> [EXERCISE INPUTS]:
= = = = = = =

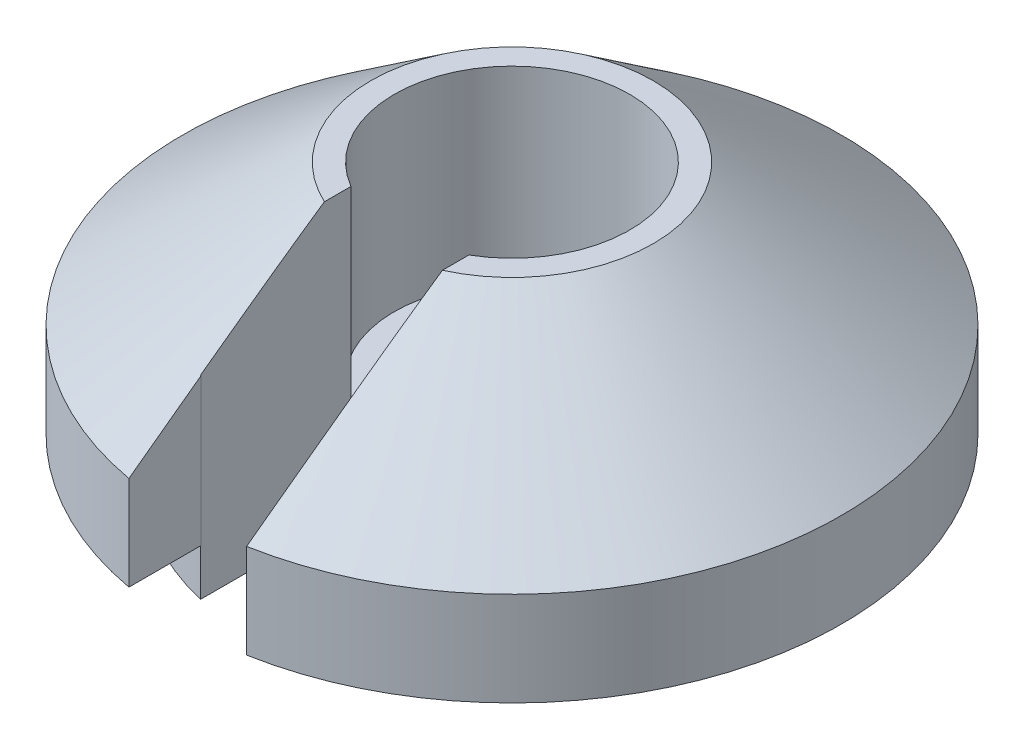
ISO-10303-21;
HEADER;
FILE_DESCRIPTION(('STEP AP214'),'2;1');
FILE_NAME('part.step','',(''),(''),'','','');
FILE_SCHEMA(('AUTOMOTIVE_DESIGN { 1 0 10303 214 1 1 1 1 }'));
ENDSEC;
DATA;
#1=APPLICATION_CONTEXT('core data for automotive mechanical design processes');
#2=APPLICATION_PROTOCOL_DEFINITION('international standard','automotive_design',2000,#1);
#3=PRODUCT_CONTEXT('',#1,'mechanical');
#4=PRODUCT('Part','Part','',(#3));
#5=PRODUCT_RELATED_PRODUCT_CATEGORY('part','',(#4));
#6=PRODUCT_DEFINITION_FORMATION('','',#4);
#7=PRODUCT_DEFINITION_CONTEXT('part definition',#1,'design');
#8=PRODUCT_DEFINITION('design','',#6,#7);
#9=PRODUCT_DEFINITION_SHAPE('','',#8);
#10=(LENGTH_UNIT() NAMED_UNIT(*) SI_UNIT(.MILLI.,.METRE.));
#11=(NAMED_UNIT(*) PLANE_ANGLE_UNIT() SI_UNIT($,.RADIAN.));
#12=(NAMED_UNIT(*) SI_UNIT($,.STERADIAN.) SOLID_ANGLE_UNIT());
#13=UNCERTAINTY_MEASURE_WITH_UNIT(LENGTH_MEASURE(1.E-05),#10,'distance_accuracy_value','');
#14=(GEOMETRIC_REPRESENTATION_CONTEXT(3) GLOBAL_UNCERTAINTY_ASSIGNED_CONTEXT((#13)) GLOBAL_UNIT_ASSIGNED_CONTEXT((#10,
#11,#12)) REPRESENTATION_CONTEXT('',''));
#15=CARTESIAN_POINT('',(0.,0.,0.));
#16=DIRECTION('',(0.,0.,1.));
#17=DIRECTION('',(1.,0.,0.));
#18=AXIS2_PLACEMENT_3D('',#15,#16,#17);
#19=CARTESIAN_POINT('',(0.,0.,0.));
#20=DIRECTION('',(0.,1.,0.));
#21=DIRECTION('',(-1.,0.,0.));
#22=AXIS2_PLACEMENT_3D('',#19,#20,#21);
#23=PLANE('',#22);
#24=DIRECTION('',(1.,0.,0.));
#25=VECTOR('',#24,1.);
#26=CARTESIAN_POINT('',(1.25,0.,-0.393928678592862));
#27=LINE('',#26,#25);
#28=CARTESIAN_POINT('',(1.24164617220011,0.,-0.393928678592862));
#29=VERTEX_POINT('',#28);
#30=CARTESIAN_POINT('',(1.25,0.,-0.393928678592862));
#31=VERTEX_POINT('',#30);
#32=EDGE_CURVE('E146',#29,#31,#27,.T.);
#33=ORIENTED_EDGE('',*,*,#32,.F.);
#34=CARTESIAN_POINT('',(-0.00739357909636663,0.,-0.393928678592863));
#35=DIRECTION('',(0.,-1.,0.));
#36=DIRECTION('',(1.,0.,0.));
#37=AXIS2_PLACEMENT_3D('',#34,#35,#36);
#38=CIRCLE('',#37,1.24903975129648);
#39=CARTESIAN_POINT('',(-1.25643333039284,0.,-0.393928678592863));
#40=VERTEX_POINT('',#39);
#41=EDGE_CURVE('E54',#40,#29,#38,.T.);
#42=ORIENTED_EDGE('',*,*,#41,.F.);
#43=CARTESIAN_POINT('',(-1.26478715819273,0.,-0.393928678592863));
#44=VERTEX_POINT('',#43);
#45=EDGE_CURVE('E145',#44,#40,#27,.T.);
#46=ORIENTED_EDGE('',*,*,#45,.F.);
#47=DIRECTION('',(0.,0.,-1.));
#48=VECTOR('',#47,1.);
#49=CARTESIAN_POINT('',(-1.26478715819273,0.,5.35607132140714));
#50=LINE('',#49,#48);
#51=CARTESIAN_POINT('',(-1.26478715819273,0.,5.35259875616235));
#52=VERTEX_POINT('',#51);
#53=EDGE_CURVE('E139',#52,#44,#50,.T.);
#54=ORIENTED_EDGE('',*,*,#53,.F.);
#55=CARTESIAN_POINT('',(0.,0.,0.));
#56=DIRECTION('',(0.,1.,0.));
#57=DIRECTION('',(-1.,0.,0.));
#58=AXIS2_PLACEMENT_3D('',#55,#56,#57);
#59=CIRCLE('',#58,5.5);
#60=CARTESIAN_POINT('',(1.25,0.,5.35607132140714));
#61=VERTEX_POINT('',#60);
#62=EDGE_CURVE('E290',#61,#52,#59,.T.);
#63=ORIENTED_EDGE('',*,*,#62,.F.);
#64=DIRECTION('',(0.,0.,1.));
#65=VECTOR('',#64,1.);
#66=CARTESIAN_POINT('',(1.25,0.,0.));
#67=LINE('',#66,#65);
#68=EDGE_CURVE('E61',#31,#61,#67,.T.);
#69=ORIENTED_EDGE('',*,*,#68,.F.);
#70=EDGE_LOOP('',(#33,#42,#46,#54,#63,#69));
#71=FACE_BOUND('',#70,.T.);
#72=ADVANCED_FACE('F40',(#71),#23,.F.);
#73=CARTESIAN_POINT('',(0.,6.,0.));
#74=DIRECTION('',(0.,1.,0.));
#75=DIRECTION('',(-1.,0.,0.));
#76=AXIS2_PLACEMENT_3D('',#73,#74,#75);
#77=CYLINDRICAL_SURFACE('',#76,5.5);
#78=ORIENTED_EDGE('',*,*,#62,.T.);
#79=DIRECTION('',(0.,1.,0.));
#80=VECTOR('',#79,1.);
#81=CARTESIAN_POINT('',(-1.26478715819274,6.,5.35259875616235));
#82=LINE('',#81,#80);
#83=CARTESIAN_POINT('',(-1.26478715819273,1.,5.35259875616235));
#84=VERTEX_POINT('',#83);
#85=EDGE_CURVE('E209',#52,#84,#82,.T.);
#86=ORIENTED_EDGE('',*,*,#85,.T.);
#87=CARTESIAN_POINT('',(0.,1.,0.));
#88=DIRECTION('',(0.,1.,0.));
#89=DIRECTION('',(-1.,0.,0.));
#90=AXIS2_PLACEMENT_3D('',#87,#88,#89);
#91=CIRCLE('',#90,5.5);
#92=CARTESIAN_POINT('',(1.25,1.,5.35607132140714));
#93=VERTEX_POINT('',#92);
#94=EDGE_CURVE('E288',#93,#84,#91,.T.);
#95=ORIENTED_EDGE('',*,*,#94,.F.);
#96=DIRECTION('',(0.,1.,0.));
#97=VECTOR('',#96,1.);
#98=CARTESIAN_POINT('',(1.25,6.,5.35607132140714));
#99=LINE('',#98,#97);
#100=EDGE_CURVE('E313',#61,#93,#99,.T.);
#101=ORIENTED_EDGE('',*,*,#100,.F.);
#102=EDGE_LOOP('',(#78,#86,#95,#101));
#103=FACE_BOUND('',#102,.T.);
#104=ADVANCED_FACE('F257',(#103),#77,.T.);
#105=CARTESIAN_POINT('',(5.5,1.,0.));
#106=DIRECTION('',(0.,1.,0.));
#107=DIRECTION('',(-1.,0.,0.));
#108=AXIS2_PLACEMENT_3D('',#105,#106,#107);
#109=PLANE('',#108);
#110=DIRECTION('',(0.,0.,1.));
#111=VECTOR('',#110,1.);
#112=CARTESIAN_POINT('',(-1.26478715819273,1.,0.));
#113=LINE('',#112,#111);
#114=CARTESIAN_POINT('',(-1.26478715819274,0.999999999999999,5.35607132140714));
#115=VERTEX_POINT('',#114);
#116=EDGE_CURVE('E179',#84,#115,#113,.T.);
#117=ORIENTED_EDGE('',*,*,#116,.T.);
#118=DIRECTION('',(1.,0.,0.));
#119=VECTOR('',#118,1.);
#120=CARTESIAN_POINT('',(5.5,1.,5.35607132140714));
#121=LINE('',#120,#119);
#122=CARTESIAN_POINT('',(-1.25,0.999999999999999,5.35607132140714));
#123=VERTEX_POINT('',#122);
#124=EDGE_CURVE('E208',#115,#123,#121,.T.);
#125=ORIENTED_EDGE('',*,*,#124,.T.);
#126=DIRECTION('',(0.,0.,-1.));
#127=VECTOR('',#126,1.);
#128=CARTESIAN_POINT('',(-1.25,1.,0.));
#129=LINE('',#128,#127);
#130=CARTESIAN_POINT('',(-1.25,0.999999999999999,6.88748865697796));
#131=VERTEX_POINT('',#130);
#132=EDGE_CURVE('E222',#131,#123,#129,.T.);
#133=ORIENTED_EDGE('',*,*,#132,.F.);
#134=CARTESIAN_POINT('',(0.,1.,0.));
#135=DIRECTION('',(0.,1.,0.));
#136=DIRECTION('',(-1.,0.,0.));
#137=AXIS2_PLACEMENT_3D('',#134,#135,#136);
#138=CIRCLE('',#137,7.);
#139=CARTESIAN_POINT('',(1.25,0.999999999999999,6.88748865697796));
#140=VERTEX_POINT('',#139);
#141=EDGE_CURVE('E278',#140,#131,#138,.T.);
#142=ORIENTED_EDGE('',*,*,#141,.F.);
#143=DIRECTION('',(0.,0.,1.));
#144=VECTOR('',#143,1.);
#145=CARTESIAN_POINT('',(1.25,1.,0.));
#146=LINE('',#145,#144);
#147=EDGE_CURVE('E282',#93,#140,#146,.T.);
#148=ORIENTED_EDGE('',*,*,#147,.F.);
#149=ORIENTED_EDGE('',*,*,#94,.T.);
#150=EDGE_LOOP('',(#117,#125,#133,#142,#148,#149));
#151=FACE_BOUND('',#150,.T.);
#152=ADVANCED_FACE('F261',(#151),#109,.F.);
#153=CARTESIAN_POINT('',(0.,6.,0.));
#154=DIRECTION('',(0.,1.,0.));
#155=DIRECTION('',(-1.,0.,0.));
#156=AXIS2_PLACEMENT_3D('',#153,#154,#155);
#157=CYLINDRICAL_SURFACE('',#156,7.);
#158=DIRECTION('',(0.,1.,0.));
#159=VECTOR('',#158,1.);
#160=CARTESIAN_POINT('',(1.25,6.,6.88748865697796));
#161=LINE('',#160,#159);
#162=CARTESIAN_POINT('',(1.25,3.,6.88748865697796));
#163=VERTEX_POINT('',#162);
#164=EDGE_CURVE('E234',#140,#163,#161,.T.);
#165=ORIENTED_EDGE('',*,*,#164,.F.);
#166=ORIENTED_EDGE('',*,*,#141,.T.);
#167=DIRECTION('',(0.,1.,0.));
#168=VECTOR('',#167,1.);
#169=CARTESIAN_POINT('',(-1.25,6.,6.88748865697796));
#170=LINE('',#169,#168);
#171=CARTESIAN_POINT('',(-1.25,3.,6.88748865697796));
#172=VERTEX_POINT('',#171);
#173=EDGE_CURVE('E220',#172,#131,#170,.F.);
#174=ORIENTED_EDGE('',*,*,#173,.F.);
#175=CARTESIAN_POINT('',(0.,3.,0.));
#176=DIRECTION('',(0.,1.,0.));
#177=DIRECTION('',(-1.,0.,0.));
#178=AXIS2_PLACEMENT_3D('',#175,#176,#177);
#179=CIRCLE('',#178,7.);
#180=EDGE_CURVE('E280',#163,#172,#179,.T.);
#181=ORIENTED_EDGE('',*,*,#180,.F.);
#182=EDGE_LOOP('',(#165,#166,#174,#181));
#183=FACE_BOUND('',#182,.T.);
#184=ADVANCED_FACE('F253',(#183),#157,.T.);
#185=CARTESIAN_POINT('',(0.,3.,0.));
#186=DIRECTION('',(0.,-1.,0.));
#187=DIRECTION('',(1.,0.,0.));
#188=AXIS2_PLACEMENT_3D('',#185,#186,#187);
#189=CONICAL_SURFACE('',#188,7.,0.927295218001612);
#190=CARTESIAN_POINT('',(5.16480782850736,2.66953933829889,5.35607132140714));
#191=CARTESIAN_POINT('',(5.16233796590271,2.6708251500734,5.35607132140714));
#192=CARTESIAN_POINT('',(5.15986790447759,2.67211059354893,5.35607132140714));
#193=CARTESIAN_POINT('',(4.84793666623998,2.83438281904356,5.3560713214071));
#194=CARTESIAN_POINT('',(4.53534966203854,2.98956968122107,5.35607132140713));
#195=CARTESIAN_POINT('',(4.06057524824004,3.20988833595827,5.35607132140714));
#196=CARTESIAN_POINT('',(3.90127507979419,3.28127492335229,5.35607132140714));
#197=CARTESIAN_POINT('',(3.58052365455789,3.41902542959078,5.35607132140714));
#198=CARTESIAN_POINT('',(3.41907263854709,3.48538990517751,5.35607132140714));
#199=CARTESIAN_POINT('',(3.09444605656343,3.61187336253272,5.35607132140714));
#200=CARTESIAN_POINT('',(2.93127953084735,3.67201542050914,5.35607132140714));
#201=CARTESIAN_POINT('',(2.60247582823034,3.78519727632324,5.35607132140714));
#202=CARTESIAN_POINT('',(2.43683853907877,3.83823675038048,5.35607132140714));
#203=CARTESIAN_POINT('',(2.10324707656866,3.93586288071713,5.35607132140714));
#204=CARTESIAN_POINT('',(1.93529541057563,3.98045801503021,5.35607132140714));
#205=CARTESIAN_POINT('',(1.59712410869283,4.05988814682739,5.35607132140714));
#206=CARTESIAN_POINT('',(1.4269049261672,4.09472506556162,5.35607132140714));
#207=CARTESIAN_POINT('',(1.0173697810613,4.16481585781404,5.35607132140714));
#208=CARTESIAN_POINT('',(0.777128387594338,4.19487834817586,5.35607132140714));
#209=CARTESIAN_POINT('',(0.294863862601688,4.23088598288171,5.35607132140714));
#210=CARTESIAN_POINT('',(0.0528411446024938,4.23683655814199,5.35607132140714));
#211=CARTESIAN_POINT('',(-0.430775043657437,4.22405782649338,5.35607132140714));
#212=CARTESIAN_POINT('',(-0.672367866595161,4.20530448575277,5.35607132140714));
#213=CARTESIAN_POINT('',(-1.15265070210179,4.14482498524738,5.35607132140714));
#214=CARTESIAN_POINT('',(-1.39133974271211,4.10309133858509,5.35607132140714));
#215=CARTESIAN_POINT('',(-1.93713952939652,3.98406511453776,5.35607132140714));
#216=CARTESIAN_POINT('',(-2.24270472608238,3.8997823662971,5.35607132140714));
#217=CARTESIAN_POINT('',(-2.84561037236499,3.70580734020737,5.35607132140714));
#218=CARTESIAN_POINT('',(-3.1429451965463,3.596098141247,5.35607132140714));
#219=CARTESIAN_POINT('',(-3.73065423255935,3.35806729416071,5.35607132140714));
#220=CARTESIAN_POINT('',(-4.02101284394659,3.22970777036636,5.35607132140714));
#221=CARTESIAN_POINT('',(-4.59531141882046,2.95974122058277,5.35607132140713));
#222=CARTESIAN_POINT('',(-4.87925369379799,2.81813906286983,5.35607132140712));
#223=CARTESIAN_POINT('',(-5.16695577590757,2.66842200679222,5.35607132140714));
#224=CARTESIAN_POINT('',(-5.1732760244337,2.66512990943619,5.35607132140714));
#225=CARTESIAN_POINT('',(-5.17959498670009,2.6618353972646,5.35607132140714));
#226=B_SPLINE_CURVE_WITH_KNOTS('',3,(#190,#191,#192,#193,#194,#195,#196,#197,#198,#199,#200,
#201,#202,#203,#204,#205,#206,#207,#208,#209,#210,#211,#212,#213,#214,#215,#216,#217,#218,#219,
#220,#221,#222,#223,#224,#225),.UNSPECIFIED.,.F.,.F.,(4,2,2,2,2,2,2,2,2,2,2,2,2,2,2,2,2,4),(0.,
0.00835356874901935,1.05484377970907,1.57847444564785,2.10204697753749,2.62360240895885,
3.14518160806733,3.66623433758661,4.18718440721029,4.91237884505285,5.63740993256659,
6.36314690617446,7.08912046218259,8.03847607456188,8.98846529936258,9.94041148026267,
10.8920090707672,10.913387818754),.UNSPECIFIED.);
#227=CARTESIAN_POINT('',(-1.25,4.125,5.35607132140714));
#228=VERTEX_POINT('',#227);
#229=CARTESIAN_POINT('',(-1.26478715819274,4.12246533176459,5.35607132140714));
#230=VERTEX_POINT('',#229);
#231=EDGE_CURVE('E202',#228,#230,#226,.T.);
#232=ORIENTED_EDGE('',*,*,#231,.T.);
#233=CARTESIAN_POINT('',(-1.26478715819274,1.24972572867472,9.24760785272899));
#234=CARTESIAN_POINT('',(-1.26478715819274,1.40589419849412,9.03744116356631));
#235=CARTESIAN_POINT('',(-1.26478715819274,1.5620029874933,8.82723008479648));
#236=CARTESIAN_POINT('',(-1.26478715819274,1.87424706431373,8.40644588897769));
#237=CARTESIAN_POINT('',(-1.26478715819274,2.03038216920434,8.19587263619277));
#238=CARTESIAN_POINT('',(-1.26478715819274,2.34497868103036,7.77118121424458));
#239=CARTESIAN_POINT('',(-1.26478715819274,2.50343693857667,7.5570607116724));
#240=CARTESIAN_POINT('',(-1.26478715819274,2.81991078098754,7.12888186283086));
#241=CARTESIAN_POINT('',(-1.26478715819274,2.97792666725763,6.91482373937762));
#242=CARTESIAN_POINT('',(-1.26478715819274,3.31579218007514,6.45638238239857));
#243=CARTESIAN_POINT('',(-1.26478715819274,3.49559160617839,6.211962139178));
#244=CARTESIAN_POINT('',(-1.26478715819274,3.85461840273908,5.72262715293433));
#245=CARTESIAN_POINT('',(-1.26478715819274,4.03384565304593,5.47771232168475));
#246=CARTESIAN_POINT('',(-1.26478715819274,4.39235813034786,4.98592976099489));
#247=CARTESIAN_POINT('',(-1.26478715819274,4.57163860892174,4.73905856828079));
#248=CARTESIAN_POINT('',(-1.26478715819274,4.92867397955666,4.24451449601917));
#249=CARTESIAN_POINT('',(-1.26478715819274,5.10642998292099,3.99684242121153));
#250=CARTESIAN_POINT('',(-1.26478715819273,5.36963957039906,3.62644367026652));
#251=CARTESIAN_POINT('',(-1.26478715819273,5.45597967122885,3.50434747146577));
#252=CARTESIAN_POINT('',(-1.26478715819273,5.62789814114846,3.25962043716468));
#253=CARTESIAN_POINT('',(-1.26478715819273,5.7134765143377,3.13698960454689));
#254=CARTESIAN_POINT('',(-1.26478715819273,5.88386060245493,2.89062221578338));
#255=CARTESIAN_POINT('',(-1.26478715819273,5.96866305983453,2.76688339993766));
#256=CARTESIAN_POINT('',(-1.26478715819273,6.09472988578843,2.5805311345985));
#257=CARTESIAN_POINT('',(-1.26478715819273,6.13655691556517,2.51829845930069));
#258=CARTESIAN_POINT('',(-1.26478715819273,6.21975479339185,2.39352091909093));
#259=CARTESIAN_POINT('',(-1.26478715819273,6.26112560119344,2.33097602733092));
#260=CARTESIAN_POINT('',(-1.26478715819273,6.3834910351225,2.14418052378367));
#261=CARTESIAN_POINT('',(-1.26478715819273,6.46367336696108,2.01939591039524));
#262=CARTESIAN_POINT('',(-1.26478715819273,6.62065528685359,1.76772049298706));
#263=CARTESIAN_POINT('',(-1.26478715819273,6.69745555891728,1.6408301220635));
#264=CARTESIAN_POINT('',(-1.26478715819273,6.80819313276322,1.44831799077451));
#265=CARTESIAN_POINT('',(-1.26478715819273,6.84428234609567,1.38393813385817));
#266=CARTESIAN_POINT('',(-1.26478715819273,6.91454824742828,1.25414701812201));
#267=CARTESIAN_POINT('',(-1.26478715819273,6.94872521035004,1.18873590930604));
#268=CARTESIAN_POINT('',(-1.26478715819273,7.01444686438135,1.05673406881415));
#269=CARTESIAN_POINT('',(-1.26478715819273,7.04599589306659,0.990145510093437));
#270=CARTESIAN_POINT('',(-1.26478715819273,7.10555386917442,0.855413132083905));
#271=CARTESIAN_POINT('',(-1.26478715819273,7.13356484663569,0.787270231378659));
#272=CARTESIAN_POINT('',(-1.26478715819273,7.16473555938788,0.703100311876969));
#273=CARTESIAN_POINT('',(-1.26478715819273,7.17022129500791,0.687927299742526));
#274=CARTESIAN_POINT('',(-1.26478715819273,7.18094133587439,0.657489472843603));
#275=CARTESIAN_POINT('',(-1.26478715819273,7.18617559454554,0.642224641658145));
#276=CARTESIAN_POINT('',(-1.26478715819273,7.20147579058755,0.596289054083686));
#277=CARTESIAN_POINT('',(-1.26478715819273,7.21113730370928,0.565482152036767));
#278=CARTESIAN_POINT('',(-1.26478715819273,7.22922170442241,0.503537142313185));
#279=CARTESIAN_POINT('',(-1.26478715819273,7.23764579168696,0.47239938723206));
#280=CARTESIAN_POINT('',(-1.26478715819273,7.25311094175666,0.409783516179736));
#281=CARTESIAN_POINT('',(-1.26478715819273,7.26015199230905,0.378305397195751));
#282=CARTESIAN_POINT('',(-1.26478715819273,7.27854784402159,0.285494141486036));
#283=CARTESIAN_POINT('',(-1.26478715819273,7.28779443568785,0.22372000851179));
#284=CARTESIAN_POINT('',(-1.26478715819273,7.29960106594782,0.0994894937709374));
#285=CARTESIAN_POINT('',(-1.26478715819273,7.30215752675738,0.0370327648820469));
#286=CARTESIAN_POINT('',(-1.26478715819273,7.30026569021268,-0.0887311665455935));
#287=CARTESIAN_POINT('',(-1.26478715819273,7.29570950822705,-0.152036743839124));
#288=CARTESIAN_POINT('',(-1.26478715819273,7.27991756515855,-0.27777750262966));
#289=CARTESIAN_POINT('',(-1.26478715819273,7.26868200208633,-0.340212709872686));
#290=CARTESIAN_POINT('',(-1.26478715819273,7.24041255230464,-0.464672707178442));
#291=CARTESIAN_POINT('',(-1.26478715819273,7.223297143778,-0.526678496868802));
#292=CARTESIAN_POINT('',(-1.26478715819273,7.18454732899135,-0.649242893207944));
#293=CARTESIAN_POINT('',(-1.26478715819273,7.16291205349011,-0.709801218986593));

= = = = = = =

> [EXERCISE]: Give back the lines word for word, from the very first in the material above to the one that has "#33=ORIENTED_EDGE('',*,*,#32,.F.);", both included, without the pictures.

> [SOLUTION FOR THIS PROBLEM]:
ISO-10303-21;
HEADER;
FILE_DESCRIPTION(('STEP AP214'),'2;1');
FILE_NAME('part.step','',(''),(''),'','','');
FILE_SCHEMA(('AUTOMOTIVE_DESIGN { 1 0 10303 214 1 1 1 1 }'));
ENDSEC;
DATA;
#1=APPLICATION_CONTEXT('core data for automotive mechanical design processes');
#2=APPLICATION_PROTOCOL_DEFINITION('international standard','automotive_design',2000,#1);
#3=PRODUCT_CONTEXT('',#1,'mechanical');
#4=PRODUCT('Part','Part','',(#3));
#5=PRODUCT_RELATED_PRODUCT_CATEGORY('part','',(#4));
#6=PRODUCT_DEFINITION_FORMATION('','',#4);
#7=PRODUCT_DEFINITION_CONTEXT('part definition',#1,'design');
#8=PRODUCT_DEFINITION('design','',#6,#7);
#9=PRODUCT_DEFINITION_SHAPE('','',#8);
#10=(LENGTH_UNIT() NAMED_UNIT(*) SI_UNIT(.MILLI.,.METRE.));
#11=(NAMED_UNIT(*) PLANE_ANGLE_UNIT() SI_UNIT($,.RADIAN.));
#12=(NAMED_UNIT(*) SI_UNIT($,.STERADIAN.) SOLID_ANGLE_UNIT());
#13=UNCERTAINTY_MEASURE_WITH_UNIT(LENGTH_MEASURE(1.E-05),#10,'distance_accuracy_value','');
#14=(GEOMETRIC_REPRESENTATION_CONTEXT(3) GLOBAL_UNCERTAINTY_ASSIGNED_CONTEXT((#13)) GLOBAL_UNIT_ASSIGNED_CONTEXT((#10,
#11,#12)) REPRESENTATION_CONTEXT('',''));
#15=CARTESIAN_POINT('',(0.,0.,0.));
#16=DIRECTION('',(0.,0.,1.));
#17=DIRECTION('',(1.,0.,0.));
#18=AXIS2_PLACEMENT_3D('',#15,#16,#17);
#19=CARTESIAN_POINT('',(0.,0.,0.));
#20=DIRECTION('',(0.,1.,0.));
#21=DIRECTION('',(-1.,0.,0.));
#22=AXIS2_PLACEMENT_3D('',#19,#20,#21);
#23=PLANE('',#22);
#24=DIRECTION('',(1.,0.,0.));
#25=VECTOR('',#24,1.);
#26=CARTESIAN_POINT('',(1.25,0.,-0.393928678592862));
#27=LINE('',#26,#25);
#28=CARTESIAN_POINT('',(1.24164617220011,0.,-0.393928678592862));
#29=VERTEX_POINT('',#28);
#30=CARTESIAN_POINT('',(1.25,0.,-0.393928678592862));
#31=VERTEX_POINT('',#30);
#32=EDGE_CURVE('E146',#29,#31,#27,.T.);
#33=ORIENTED_EDGE('',*,*,#32,.F.);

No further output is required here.